** THE PROBLEM **
Would you reproduce, without any alteration, the lines from the opening line of the entries through the line that has "import ezdxf" in it?

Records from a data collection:
- Opening Delimiter -

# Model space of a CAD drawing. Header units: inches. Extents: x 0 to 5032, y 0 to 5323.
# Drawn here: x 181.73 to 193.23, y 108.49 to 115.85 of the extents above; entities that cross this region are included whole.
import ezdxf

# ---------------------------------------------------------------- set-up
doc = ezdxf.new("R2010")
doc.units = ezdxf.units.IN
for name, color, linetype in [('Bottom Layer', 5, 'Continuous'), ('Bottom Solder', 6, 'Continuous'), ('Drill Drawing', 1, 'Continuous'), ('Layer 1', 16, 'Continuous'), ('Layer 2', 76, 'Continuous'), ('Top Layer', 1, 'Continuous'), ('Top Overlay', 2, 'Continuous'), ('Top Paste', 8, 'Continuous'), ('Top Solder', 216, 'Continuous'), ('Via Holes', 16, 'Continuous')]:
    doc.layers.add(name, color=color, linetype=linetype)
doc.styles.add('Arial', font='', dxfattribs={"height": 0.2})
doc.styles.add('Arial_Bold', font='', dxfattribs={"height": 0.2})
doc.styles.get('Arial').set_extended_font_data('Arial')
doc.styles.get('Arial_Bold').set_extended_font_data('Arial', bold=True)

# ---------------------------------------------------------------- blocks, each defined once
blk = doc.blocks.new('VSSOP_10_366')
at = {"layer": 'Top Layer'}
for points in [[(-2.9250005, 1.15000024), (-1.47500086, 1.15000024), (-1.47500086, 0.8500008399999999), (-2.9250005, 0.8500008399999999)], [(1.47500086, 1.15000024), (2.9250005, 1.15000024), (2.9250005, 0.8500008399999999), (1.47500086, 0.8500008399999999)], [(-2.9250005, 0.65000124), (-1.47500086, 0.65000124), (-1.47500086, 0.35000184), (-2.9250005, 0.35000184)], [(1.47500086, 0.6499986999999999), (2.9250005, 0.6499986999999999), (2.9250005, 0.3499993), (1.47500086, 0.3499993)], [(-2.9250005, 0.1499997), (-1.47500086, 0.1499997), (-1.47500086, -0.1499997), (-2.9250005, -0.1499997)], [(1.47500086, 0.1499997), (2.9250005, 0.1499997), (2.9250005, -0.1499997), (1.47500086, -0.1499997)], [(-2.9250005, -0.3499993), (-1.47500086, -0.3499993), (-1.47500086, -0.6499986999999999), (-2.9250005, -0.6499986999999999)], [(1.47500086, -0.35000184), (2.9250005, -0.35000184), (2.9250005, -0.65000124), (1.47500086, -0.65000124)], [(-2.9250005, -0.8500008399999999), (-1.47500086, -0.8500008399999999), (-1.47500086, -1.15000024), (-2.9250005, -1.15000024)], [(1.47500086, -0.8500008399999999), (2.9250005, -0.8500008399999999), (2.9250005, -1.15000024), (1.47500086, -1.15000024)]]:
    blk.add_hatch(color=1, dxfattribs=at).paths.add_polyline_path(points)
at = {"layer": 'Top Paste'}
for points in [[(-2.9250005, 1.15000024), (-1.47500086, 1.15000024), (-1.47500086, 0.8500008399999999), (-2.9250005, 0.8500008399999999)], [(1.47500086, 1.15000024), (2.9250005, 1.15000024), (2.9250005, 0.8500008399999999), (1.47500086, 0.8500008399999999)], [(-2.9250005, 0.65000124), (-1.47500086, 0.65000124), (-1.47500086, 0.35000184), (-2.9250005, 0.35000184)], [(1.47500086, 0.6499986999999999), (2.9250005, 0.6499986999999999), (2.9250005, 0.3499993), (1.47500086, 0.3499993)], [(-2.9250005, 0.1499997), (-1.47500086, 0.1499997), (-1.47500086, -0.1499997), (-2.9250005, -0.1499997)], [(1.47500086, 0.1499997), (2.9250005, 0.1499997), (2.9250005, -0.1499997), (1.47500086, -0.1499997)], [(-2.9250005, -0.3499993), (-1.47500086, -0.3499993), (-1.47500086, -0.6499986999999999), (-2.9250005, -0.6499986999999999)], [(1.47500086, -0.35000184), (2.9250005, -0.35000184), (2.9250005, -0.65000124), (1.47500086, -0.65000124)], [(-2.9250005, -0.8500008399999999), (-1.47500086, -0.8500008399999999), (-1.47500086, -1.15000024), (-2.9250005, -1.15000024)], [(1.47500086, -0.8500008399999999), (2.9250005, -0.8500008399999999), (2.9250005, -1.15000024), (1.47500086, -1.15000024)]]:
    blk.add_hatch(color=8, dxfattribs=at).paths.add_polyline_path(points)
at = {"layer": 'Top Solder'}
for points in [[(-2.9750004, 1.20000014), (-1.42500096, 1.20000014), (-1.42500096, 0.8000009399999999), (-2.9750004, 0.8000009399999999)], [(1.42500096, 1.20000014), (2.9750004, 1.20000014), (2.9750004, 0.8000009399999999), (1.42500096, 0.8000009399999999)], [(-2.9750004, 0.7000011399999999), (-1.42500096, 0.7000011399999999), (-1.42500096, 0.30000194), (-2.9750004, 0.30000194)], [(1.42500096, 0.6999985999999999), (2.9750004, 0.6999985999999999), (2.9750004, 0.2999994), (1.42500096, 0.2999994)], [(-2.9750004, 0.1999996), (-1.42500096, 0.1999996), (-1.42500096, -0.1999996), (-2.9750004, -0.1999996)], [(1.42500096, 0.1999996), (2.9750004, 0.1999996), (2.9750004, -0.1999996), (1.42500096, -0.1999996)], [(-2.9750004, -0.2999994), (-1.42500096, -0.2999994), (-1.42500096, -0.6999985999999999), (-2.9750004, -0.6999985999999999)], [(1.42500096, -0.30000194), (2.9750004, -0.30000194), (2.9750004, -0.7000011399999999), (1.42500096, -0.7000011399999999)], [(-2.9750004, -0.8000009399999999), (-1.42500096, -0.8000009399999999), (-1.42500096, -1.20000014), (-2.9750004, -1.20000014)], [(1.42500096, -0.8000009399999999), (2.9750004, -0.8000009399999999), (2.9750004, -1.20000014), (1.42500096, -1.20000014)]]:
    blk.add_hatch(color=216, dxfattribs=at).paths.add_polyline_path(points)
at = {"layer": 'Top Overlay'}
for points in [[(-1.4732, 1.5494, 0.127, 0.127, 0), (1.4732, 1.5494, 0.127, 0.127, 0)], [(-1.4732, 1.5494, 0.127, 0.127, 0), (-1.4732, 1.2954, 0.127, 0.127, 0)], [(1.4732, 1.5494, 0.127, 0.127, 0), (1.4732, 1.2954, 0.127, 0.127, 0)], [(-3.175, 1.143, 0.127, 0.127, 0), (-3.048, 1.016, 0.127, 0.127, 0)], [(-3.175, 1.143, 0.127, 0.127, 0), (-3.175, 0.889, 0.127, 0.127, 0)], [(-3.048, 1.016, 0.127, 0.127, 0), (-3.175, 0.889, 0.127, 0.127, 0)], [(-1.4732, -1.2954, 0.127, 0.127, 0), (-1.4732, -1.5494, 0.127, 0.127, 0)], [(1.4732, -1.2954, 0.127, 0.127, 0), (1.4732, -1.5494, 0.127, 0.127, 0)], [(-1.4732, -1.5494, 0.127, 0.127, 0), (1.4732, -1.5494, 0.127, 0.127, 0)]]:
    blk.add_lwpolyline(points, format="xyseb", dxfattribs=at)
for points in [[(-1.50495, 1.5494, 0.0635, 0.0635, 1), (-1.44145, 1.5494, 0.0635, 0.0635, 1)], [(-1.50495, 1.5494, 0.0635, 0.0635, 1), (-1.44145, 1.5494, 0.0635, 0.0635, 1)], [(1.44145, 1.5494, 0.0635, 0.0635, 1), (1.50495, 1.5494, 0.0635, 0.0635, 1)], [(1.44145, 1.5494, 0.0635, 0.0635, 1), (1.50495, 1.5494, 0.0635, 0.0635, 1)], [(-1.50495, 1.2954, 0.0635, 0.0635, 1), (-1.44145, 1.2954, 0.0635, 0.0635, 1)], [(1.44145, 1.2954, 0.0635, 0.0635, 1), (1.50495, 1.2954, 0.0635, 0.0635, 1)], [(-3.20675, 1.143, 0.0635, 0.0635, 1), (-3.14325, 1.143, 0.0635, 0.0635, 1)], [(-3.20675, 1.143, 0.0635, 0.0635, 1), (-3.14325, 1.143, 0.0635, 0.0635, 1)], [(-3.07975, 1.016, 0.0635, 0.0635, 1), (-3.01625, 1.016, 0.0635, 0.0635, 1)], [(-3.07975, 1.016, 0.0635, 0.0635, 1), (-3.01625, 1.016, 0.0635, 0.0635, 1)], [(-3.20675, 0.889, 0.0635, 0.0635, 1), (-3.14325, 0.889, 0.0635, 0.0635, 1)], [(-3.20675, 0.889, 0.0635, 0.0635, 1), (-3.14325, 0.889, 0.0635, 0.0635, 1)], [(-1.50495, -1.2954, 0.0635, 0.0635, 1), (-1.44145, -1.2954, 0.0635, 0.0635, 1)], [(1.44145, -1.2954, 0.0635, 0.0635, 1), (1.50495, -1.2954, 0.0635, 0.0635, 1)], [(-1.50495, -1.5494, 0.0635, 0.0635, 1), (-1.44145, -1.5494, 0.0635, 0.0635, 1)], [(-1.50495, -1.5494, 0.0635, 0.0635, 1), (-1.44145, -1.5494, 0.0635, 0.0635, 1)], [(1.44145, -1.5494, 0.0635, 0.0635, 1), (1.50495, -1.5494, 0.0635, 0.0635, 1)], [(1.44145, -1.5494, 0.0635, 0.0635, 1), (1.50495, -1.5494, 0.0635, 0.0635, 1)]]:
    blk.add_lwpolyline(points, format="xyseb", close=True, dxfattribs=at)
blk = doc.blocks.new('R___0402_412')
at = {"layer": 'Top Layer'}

- Closing Delimiter -

** TASK OUTPUT **
# Model space of a CAD drawing. Header units: inches. Extents: x 0 to 5032, y 0 to 5323.
# Drawn here: x 181.73 to 193.23, y 108.49 to 115.85 of the extents above; entities that cross this region are included whole.
import ezdxf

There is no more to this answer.